• [Instructions to follow]:
From the first line onward, reproduce the records exactly; the final line to include is the one holding "ASR0 : xbsIndex_r4/Addressable".

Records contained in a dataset
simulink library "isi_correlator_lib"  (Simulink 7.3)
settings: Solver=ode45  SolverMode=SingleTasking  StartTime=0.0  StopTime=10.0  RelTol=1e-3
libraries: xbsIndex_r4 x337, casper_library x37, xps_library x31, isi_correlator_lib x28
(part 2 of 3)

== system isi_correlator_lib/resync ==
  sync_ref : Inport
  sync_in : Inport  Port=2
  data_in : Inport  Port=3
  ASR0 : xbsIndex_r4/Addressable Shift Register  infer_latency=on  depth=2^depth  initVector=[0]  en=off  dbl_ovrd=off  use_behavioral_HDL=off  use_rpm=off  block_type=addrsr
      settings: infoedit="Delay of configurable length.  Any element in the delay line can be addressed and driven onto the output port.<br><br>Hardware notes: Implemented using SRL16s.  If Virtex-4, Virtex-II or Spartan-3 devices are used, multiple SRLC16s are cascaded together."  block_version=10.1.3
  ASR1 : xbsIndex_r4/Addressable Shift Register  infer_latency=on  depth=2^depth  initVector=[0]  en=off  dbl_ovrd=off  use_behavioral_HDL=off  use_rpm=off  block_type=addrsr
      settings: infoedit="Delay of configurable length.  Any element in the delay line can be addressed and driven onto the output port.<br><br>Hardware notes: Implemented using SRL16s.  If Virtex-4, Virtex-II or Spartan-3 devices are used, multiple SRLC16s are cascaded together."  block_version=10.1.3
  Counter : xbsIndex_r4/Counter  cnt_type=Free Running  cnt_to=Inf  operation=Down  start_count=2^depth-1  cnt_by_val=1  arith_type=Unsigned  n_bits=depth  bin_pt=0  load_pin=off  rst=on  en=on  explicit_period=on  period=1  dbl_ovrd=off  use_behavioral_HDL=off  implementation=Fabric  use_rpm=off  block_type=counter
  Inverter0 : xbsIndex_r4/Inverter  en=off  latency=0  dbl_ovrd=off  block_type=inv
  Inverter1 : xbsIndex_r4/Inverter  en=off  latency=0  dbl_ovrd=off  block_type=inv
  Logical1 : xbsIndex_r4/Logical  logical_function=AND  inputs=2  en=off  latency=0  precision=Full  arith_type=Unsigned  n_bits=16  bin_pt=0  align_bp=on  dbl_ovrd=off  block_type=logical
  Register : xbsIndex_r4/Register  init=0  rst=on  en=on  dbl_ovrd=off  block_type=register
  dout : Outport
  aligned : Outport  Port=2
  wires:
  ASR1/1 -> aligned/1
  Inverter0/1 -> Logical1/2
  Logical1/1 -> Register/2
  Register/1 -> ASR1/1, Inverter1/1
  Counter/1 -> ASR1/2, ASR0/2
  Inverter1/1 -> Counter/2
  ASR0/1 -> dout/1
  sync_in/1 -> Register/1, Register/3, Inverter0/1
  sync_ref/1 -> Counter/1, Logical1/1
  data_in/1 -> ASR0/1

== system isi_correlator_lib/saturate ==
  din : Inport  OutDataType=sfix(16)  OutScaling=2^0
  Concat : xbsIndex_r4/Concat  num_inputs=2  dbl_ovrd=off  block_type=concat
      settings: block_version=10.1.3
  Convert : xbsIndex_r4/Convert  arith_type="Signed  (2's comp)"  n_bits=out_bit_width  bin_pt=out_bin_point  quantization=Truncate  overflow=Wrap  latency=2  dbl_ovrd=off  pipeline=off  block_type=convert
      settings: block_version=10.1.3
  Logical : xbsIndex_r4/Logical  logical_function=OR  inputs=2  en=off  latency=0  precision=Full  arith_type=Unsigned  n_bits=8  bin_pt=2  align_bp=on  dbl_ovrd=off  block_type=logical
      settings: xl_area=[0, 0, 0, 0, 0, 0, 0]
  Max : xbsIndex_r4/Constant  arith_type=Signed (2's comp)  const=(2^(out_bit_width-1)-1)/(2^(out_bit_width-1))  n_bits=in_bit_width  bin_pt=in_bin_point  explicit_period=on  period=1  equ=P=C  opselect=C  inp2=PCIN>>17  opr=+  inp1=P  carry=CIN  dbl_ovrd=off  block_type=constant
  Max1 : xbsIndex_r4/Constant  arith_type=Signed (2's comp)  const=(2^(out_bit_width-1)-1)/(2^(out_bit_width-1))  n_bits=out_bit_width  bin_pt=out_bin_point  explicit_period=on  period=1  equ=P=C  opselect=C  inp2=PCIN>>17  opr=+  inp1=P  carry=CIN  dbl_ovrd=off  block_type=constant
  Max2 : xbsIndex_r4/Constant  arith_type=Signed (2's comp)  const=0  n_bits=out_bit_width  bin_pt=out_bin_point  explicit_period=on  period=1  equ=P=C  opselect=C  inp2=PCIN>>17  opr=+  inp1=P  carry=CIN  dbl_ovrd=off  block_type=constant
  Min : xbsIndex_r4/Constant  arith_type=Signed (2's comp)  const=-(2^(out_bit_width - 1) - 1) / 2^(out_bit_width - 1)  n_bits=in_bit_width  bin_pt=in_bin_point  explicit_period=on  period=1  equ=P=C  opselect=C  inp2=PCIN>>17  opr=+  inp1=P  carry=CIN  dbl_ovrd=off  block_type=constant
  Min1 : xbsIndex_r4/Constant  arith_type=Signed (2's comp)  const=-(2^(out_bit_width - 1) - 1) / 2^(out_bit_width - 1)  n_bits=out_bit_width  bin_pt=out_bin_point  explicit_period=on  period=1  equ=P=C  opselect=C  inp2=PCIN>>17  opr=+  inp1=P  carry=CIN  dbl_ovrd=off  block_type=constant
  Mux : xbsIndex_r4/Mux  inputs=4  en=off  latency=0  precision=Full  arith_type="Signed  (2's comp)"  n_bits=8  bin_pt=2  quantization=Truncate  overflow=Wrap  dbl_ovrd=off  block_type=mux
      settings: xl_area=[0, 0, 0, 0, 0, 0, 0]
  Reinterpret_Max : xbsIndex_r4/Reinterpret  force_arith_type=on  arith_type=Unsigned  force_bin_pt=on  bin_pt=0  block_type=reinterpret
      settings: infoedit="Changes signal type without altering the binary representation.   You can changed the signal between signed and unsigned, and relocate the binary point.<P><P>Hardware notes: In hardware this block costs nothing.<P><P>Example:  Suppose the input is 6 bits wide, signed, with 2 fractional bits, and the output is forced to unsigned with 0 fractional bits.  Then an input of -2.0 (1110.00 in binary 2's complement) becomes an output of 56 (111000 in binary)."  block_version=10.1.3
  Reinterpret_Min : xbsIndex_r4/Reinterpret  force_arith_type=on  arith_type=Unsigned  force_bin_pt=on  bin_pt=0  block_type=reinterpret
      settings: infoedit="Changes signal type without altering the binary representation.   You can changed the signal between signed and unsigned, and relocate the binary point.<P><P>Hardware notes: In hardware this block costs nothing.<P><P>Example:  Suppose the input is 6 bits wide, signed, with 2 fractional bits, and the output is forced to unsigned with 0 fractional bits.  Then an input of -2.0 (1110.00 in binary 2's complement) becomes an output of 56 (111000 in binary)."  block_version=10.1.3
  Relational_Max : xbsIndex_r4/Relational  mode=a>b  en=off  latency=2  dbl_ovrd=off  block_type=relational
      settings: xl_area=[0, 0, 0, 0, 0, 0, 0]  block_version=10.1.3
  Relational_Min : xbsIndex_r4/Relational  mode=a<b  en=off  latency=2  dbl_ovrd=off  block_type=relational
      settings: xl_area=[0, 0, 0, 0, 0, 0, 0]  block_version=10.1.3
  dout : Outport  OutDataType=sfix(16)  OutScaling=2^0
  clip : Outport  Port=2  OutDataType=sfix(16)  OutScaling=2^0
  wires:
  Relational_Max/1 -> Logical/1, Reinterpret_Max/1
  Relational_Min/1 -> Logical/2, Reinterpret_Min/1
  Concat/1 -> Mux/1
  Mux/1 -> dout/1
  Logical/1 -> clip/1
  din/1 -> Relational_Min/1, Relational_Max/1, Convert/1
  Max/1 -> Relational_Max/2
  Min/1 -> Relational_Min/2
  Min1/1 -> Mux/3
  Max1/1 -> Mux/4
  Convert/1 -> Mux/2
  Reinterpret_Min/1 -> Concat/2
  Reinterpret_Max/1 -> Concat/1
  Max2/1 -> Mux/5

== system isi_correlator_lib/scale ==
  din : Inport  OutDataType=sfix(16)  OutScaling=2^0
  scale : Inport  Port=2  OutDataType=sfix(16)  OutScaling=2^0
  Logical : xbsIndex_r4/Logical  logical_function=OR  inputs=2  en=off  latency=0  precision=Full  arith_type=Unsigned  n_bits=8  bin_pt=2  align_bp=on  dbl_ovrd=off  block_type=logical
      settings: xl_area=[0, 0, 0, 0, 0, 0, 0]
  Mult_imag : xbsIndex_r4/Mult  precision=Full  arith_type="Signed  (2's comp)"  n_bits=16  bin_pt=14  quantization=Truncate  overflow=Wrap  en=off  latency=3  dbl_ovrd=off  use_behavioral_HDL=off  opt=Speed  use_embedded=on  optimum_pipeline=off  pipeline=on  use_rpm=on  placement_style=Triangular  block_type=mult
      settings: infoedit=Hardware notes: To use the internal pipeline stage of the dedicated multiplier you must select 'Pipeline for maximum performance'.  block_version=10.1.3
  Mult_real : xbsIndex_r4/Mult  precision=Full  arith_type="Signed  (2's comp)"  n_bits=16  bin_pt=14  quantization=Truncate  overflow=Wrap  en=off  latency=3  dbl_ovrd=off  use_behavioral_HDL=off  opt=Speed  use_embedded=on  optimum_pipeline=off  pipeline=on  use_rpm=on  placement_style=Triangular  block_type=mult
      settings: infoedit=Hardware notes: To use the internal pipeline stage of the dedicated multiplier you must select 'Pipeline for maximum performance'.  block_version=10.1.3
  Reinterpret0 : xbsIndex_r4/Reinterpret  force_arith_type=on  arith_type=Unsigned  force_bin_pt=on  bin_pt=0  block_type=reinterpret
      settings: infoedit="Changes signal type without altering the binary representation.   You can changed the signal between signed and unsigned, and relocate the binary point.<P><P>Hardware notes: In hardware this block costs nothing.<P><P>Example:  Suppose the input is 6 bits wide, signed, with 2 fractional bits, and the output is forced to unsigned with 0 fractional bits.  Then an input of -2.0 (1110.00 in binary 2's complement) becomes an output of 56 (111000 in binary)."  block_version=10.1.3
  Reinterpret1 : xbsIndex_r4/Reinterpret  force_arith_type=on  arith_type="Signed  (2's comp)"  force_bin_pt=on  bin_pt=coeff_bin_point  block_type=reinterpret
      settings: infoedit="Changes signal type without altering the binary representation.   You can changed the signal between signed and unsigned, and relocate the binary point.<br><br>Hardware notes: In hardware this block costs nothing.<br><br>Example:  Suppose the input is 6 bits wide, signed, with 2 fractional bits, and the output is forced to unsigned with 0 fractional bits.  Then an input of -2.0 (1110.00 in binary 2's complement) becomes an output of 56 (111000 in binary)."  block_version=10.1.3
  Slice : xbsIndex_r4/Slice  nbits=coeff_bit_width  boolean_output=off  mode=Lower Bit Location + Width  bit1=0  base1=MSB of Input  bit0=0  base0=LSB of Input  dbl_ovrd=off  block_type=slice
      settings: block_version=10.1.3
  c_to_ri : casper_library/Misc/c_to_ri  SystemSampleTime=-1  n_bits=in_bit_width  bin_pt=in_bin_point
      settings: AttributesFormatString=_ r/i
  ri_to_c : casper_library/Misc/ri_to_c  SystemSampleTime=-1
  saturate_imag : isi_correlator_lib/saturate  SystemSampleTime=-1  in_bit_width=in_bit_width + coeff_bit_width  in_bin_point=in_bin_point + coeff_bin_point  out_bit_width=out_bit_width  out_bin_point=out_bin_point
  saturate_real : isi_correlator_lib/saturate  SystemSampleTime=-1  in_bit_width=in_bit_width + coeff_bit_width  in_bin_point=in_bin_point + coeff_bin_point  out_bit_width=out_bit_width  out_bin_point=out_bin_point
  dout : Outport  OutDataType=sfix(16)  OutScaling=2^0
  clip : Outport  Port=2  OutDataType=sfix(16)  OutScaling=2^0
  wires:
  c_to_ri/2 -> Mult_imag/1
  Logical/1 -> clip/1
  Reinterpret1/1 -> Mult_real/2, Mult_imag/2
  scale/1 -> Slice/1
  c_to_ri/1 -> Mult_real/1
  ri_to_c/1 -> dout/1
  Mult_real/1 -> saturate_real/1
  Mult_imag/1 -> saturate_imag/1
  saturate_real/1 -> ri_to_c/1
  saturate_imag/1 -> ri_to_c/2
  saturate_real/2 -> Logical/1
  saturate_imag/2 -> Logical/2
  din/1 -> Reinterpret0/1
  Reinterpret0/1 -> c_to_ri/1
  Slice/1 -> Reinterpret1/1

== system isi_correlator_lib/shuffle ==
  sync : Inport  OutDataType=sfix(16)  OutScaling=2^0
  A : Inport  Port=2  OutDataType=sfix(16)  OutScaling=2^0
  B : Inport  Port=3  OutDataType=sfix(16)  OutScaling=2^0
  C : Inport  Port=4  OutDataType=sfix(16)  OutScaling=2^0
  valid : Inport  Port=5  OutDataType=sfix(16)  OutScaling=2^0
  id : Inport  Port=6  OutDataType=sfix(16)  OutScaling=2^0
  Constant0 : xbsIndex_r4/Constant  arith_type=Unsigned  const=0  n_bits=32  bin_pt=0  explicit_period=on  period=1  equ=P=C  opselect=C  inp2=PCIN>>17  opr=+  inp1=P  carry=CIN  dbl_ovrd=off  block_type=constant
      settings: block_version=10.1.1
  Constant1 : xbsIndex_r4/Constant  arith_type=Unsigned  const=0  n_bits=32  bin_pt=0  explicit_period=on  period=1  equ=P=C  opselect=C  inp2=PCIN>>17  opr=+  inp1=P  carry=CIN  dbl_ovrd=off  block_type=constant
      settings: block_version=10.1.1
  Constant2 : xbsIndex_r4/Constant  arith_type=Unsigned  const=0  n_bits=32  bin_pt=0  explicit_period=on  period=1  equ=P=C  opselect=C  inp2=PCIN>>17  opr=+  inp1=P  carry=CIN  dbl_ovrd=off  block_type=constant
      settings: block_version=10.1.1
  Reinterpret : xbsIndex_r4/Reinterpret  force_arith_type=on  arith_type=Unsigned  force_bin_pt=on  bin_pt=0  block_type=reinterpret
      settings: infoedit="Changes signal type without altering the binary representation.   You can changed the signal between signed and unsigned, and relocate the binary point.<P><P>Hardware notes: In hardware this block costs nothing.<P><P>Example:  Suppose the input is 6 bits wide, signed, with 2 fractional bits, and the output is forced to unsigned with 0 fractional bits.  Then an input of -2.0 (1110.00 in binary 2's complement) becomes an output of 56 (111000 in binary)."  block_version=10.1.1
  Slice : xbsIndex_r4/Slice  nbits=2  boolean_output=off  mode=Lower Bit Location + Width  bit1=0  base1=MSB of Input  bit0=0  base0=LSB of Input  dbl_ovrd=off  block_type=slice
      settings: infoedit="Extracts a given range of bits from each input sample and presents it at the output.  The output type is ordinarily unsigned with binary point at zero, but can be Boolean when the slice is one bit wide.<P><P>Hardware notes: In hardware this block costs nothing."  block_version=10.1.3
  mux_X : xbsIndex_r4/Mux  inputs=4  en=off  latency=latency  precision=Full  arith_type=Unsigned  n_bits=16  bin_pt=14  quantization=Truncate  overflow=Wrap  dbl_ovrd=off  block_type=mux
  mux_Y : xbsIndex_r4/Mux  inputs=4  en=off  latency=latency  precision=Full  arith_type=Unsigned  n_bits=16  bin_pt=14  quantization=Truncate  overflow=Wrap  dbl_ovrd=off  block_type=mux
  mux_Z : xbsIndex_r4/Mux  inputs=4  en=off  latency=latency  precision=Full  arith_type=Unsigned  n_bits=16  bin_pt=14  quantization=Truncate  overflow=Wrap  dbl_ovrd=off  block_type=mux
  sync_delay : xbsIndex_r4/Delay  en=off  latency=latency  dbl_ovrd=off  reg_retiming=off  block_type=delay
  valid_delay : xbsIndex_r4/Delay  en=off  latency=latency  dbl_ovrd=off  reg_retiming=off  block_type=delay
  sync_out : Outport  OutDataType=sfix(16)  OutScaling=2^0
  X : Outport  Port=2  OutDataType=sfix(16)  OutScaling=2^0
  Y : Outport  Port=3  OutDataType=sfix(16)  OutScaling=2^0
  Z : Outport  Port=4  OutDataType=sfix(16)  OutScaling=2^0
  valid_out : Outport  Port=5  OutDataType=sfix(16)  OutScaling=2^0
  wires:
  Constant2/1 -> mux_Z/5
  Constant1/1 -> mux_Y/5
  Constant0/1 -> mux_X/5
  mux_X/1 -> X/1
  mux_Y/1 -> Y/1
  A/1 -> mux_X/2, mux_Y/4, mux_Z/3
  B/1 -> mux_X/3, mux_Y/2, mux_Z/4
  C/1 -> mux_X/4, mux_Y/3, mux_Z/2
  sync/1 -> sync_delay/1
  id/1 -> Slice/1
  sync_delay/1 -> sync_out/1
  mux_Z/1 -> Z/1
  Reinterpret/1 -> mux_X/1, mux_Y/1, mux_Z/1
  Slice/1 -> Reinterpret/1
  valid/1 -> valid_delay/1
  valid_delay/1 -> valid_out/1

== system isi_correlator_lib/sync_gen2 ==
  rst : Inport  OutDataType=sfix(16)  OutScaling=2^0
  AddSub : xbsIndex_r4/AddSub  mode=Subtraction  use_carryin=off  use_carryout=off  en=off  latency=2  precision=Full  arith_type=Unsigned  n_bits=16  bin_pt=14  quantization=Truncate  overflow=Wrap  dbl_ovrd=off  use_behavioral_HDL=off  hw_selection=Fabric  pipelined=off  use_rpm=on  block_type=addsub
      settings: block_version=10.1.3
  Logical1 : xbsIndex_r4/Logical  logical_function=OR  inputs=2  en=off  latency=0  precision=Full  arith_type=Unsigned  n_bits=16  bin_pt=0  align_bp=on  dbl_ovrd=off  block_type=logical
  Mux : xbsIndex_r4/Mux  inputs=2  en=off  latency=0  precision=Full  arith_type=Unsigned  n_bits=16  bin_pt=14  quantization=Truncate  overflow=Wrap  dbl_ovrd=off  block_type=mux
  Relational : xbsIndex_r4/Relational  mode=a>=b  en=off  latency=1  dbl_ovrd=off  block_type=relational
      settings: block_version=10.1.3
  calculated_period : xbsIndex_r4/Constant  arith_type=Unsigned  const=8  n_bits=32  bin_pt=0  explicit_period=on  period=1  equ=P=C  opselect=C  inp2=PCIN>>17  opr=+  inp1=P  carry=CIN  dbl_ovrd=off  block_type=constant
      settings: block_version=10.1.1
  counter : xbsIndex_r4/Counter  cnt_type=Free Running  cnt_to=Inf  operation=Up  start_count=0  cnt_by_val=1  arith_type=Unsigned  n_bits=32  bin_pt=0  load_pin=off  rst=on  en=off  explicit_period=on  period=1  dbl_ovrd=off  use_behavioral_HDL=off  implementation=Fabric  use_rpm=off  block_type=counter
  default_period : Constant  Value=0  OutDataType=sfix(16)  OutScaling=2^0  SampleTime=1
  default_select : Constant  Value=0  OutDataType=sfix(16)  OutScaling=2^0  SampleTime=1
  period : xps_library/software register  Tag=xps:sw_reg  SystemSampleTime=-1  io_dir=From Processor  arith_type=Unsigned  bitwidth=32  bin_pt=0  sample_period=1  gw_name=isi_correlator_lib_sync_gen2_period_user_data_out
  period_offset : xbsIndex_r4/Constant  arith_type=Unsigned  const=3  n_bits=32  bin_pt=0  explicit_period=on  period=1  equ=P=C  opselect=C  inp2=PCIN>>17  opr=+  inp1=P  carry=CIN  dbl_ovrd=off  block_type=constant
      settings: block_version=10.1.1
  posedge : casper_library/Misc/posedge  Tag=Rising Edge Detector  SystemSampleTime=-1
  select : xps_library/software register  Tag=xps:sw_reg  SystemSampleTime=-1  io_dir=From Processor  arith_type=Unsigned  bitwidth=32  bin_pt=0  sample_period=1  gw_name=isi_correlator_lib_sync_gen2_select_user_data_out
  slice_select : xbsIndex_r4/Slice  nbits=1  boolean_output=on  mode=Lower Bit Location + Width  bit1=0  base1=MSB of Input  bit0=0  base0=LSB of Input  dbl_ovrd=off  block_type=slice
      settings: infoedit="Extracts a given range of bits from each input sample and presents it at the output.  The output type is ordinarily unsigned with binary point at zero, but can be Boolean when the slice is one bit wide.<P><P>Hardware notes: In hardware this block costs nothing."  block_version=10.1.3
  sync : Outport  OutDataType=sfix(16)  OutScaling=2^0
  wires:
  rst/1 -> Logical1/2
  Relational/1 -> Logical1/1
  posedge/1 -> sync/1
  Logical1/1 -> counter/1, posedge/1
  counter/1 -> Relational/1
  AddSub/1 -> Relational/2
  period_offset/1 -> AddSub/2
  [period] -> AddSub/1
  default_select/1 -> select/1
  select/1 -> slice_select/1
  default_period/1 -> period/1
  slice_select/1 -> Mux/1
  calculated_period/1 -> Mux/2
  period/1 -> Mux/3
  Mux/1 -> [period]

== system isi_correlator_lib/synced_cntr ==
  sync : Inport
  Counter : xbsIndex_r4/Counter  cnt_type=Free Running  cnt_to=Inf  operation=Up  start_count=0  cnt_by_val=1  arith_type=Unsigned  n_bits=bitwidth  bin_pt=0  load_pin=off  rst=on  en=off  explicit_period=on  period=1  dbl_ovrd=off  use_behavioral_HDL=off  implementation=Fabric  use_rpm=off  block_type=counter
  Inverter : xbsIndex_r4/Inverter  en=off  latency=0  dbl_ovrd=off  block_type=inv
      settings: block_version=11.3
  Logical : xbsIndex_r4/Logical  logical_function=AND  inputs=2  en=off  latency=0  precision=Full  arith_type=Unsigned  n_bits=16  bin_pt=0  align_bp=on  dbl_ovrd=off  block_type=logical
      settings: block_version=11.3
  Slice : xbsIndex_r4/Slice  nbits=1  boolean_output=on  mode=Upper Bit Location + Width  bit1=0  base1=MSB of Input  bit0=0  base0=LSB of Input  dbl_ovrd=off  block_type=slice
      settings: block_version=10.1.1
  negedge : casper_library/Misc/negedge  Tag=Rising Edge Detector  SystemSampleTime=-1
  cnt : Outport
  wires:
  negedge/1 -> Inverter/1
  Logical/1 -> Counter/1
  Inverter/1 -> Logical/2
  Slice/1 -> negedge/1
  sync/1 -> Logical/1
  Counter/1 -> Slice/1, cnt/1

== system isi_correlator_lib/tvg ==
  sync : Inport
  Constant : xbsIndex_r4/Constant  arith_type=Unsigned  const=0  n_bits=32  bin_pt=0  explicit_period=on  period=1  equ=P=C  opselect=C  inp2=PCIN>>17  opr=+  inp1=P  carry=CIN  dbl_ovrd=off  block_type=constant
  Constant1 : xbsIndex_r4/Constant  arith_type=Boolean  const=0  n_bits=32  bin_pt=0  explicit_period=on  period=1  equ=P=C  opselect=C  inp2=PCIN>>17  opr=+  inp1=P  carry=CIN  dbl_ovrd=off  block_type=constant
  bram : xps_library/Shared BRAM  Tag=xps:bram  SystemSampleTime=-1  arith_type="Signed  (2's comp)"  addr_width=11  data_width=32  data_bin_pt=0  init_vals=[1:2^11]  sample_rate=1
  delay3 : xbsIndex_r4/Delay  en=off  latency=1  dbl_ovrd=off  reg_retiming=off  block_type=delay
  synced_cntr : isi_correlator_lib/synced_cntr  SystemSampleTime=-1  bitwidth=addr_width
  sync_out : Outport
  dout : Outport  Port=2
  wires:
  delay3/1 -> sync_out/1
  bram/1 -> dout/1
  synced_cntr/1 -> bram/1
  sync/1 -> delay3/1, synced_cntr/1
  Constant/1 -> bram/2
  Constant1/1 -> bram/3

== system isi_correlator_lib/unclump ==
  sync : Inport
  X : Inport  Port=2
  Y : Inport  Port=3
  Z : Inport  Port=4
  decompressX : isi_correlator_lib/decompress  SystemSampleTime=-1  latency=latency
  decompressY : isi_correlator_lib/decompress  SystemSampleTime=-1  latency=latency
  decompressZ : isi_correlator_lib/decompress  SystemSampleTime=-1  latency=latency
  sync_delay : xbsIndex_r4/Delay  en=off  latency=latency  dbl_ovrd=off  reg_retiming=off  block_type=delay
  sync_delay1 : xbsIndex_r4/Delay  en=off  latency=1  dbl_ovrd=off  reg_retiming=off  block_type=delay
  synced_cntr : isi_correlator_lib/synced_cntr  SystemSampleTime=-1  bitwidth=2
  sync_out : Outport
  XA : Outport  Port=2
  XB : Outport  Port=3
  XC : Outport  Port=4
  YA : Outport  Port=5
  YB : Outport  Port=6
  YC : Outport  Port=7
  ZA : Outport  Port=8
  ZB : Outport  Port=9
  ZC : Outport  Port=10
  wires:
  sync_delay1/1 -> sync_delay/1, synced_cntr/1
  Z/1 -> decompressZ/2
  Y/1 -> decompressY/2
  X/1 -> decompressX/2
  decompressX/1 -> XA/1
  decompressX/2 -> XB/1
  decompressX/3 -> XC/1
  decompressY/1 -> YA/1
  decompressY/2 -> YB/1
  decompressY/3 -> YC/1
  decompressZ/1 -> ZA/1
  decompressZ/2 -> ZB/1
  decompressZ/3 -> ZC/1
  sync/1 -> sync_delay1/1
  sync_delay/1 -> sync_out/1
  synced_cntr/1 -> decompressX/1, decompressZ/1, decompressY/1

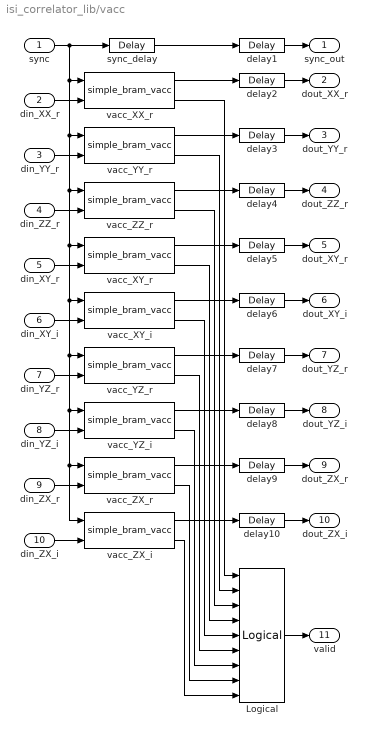
== system isi_correlator_lib/vacc ==
  sync : Inport
  din_XX_r : Inport  Port=2
  din_YY_r : Inport  Port=3
  din_ZZ_r : Inport  Port=4
  din_XY_r : Inport  Port=5
  din_XY_i : Inport  Port=6
  din_YZ_r : Inport  Port=7
  din_YZ_i : Inport  Port=8
  din_ZX_r : Inport  Port=9
  din_ZX_i : Inport  Port=10
  Logical : xbsIndex_r4/Logical  logical_function=AND  inputs=9  en=off  latency=and_delay  precision=Full  arith_type=Unsigned  n_bits=16  bin_pt=0  align_bp=on  dbl_ovrd=off  block_type=logical
  delay{1..10} (10 alike) : xbsIndex_r4/Delay  en=off  latency=and_delay  dbl_ovrd=off  reg_retiming=off  block_type=delay
  sync_delay : xbsIndex_r4/Delay  en=off  latency=2  dbl_ovrd=off  reg_retiming=off  block_type=delay
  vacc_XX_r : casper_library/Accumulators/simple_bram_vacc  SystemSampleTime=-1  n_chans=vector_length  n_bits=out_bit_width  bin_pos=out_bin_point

• [Result of this exercise]:
simulink library "isi_correlator_lib"  (Simulink 7.3)
settings: Solver=ode45  SolverMode=SingleTasking  StartTime=0.0  StopTime=10.0  RelTol=1e-3
libraries: xbsIndex_r4 x337, casper_library x37, xps_library x31, isi_correlator_lib x28
(part 2 of 3)

== system isi_correlator_lib/resync ==
  sync_ref : Inport
  sync_in : Inport  Port=2
  data_in : Inport  Port=3
  ASR0 : xbsIndex_r4/Addressable Shift Register  infer_latency=on  depth=2^depth  initVector=[0]  en=off  dbl_ovrd=off  use_behavioral_HDL=off  use_rpm=off  block_type=addrsr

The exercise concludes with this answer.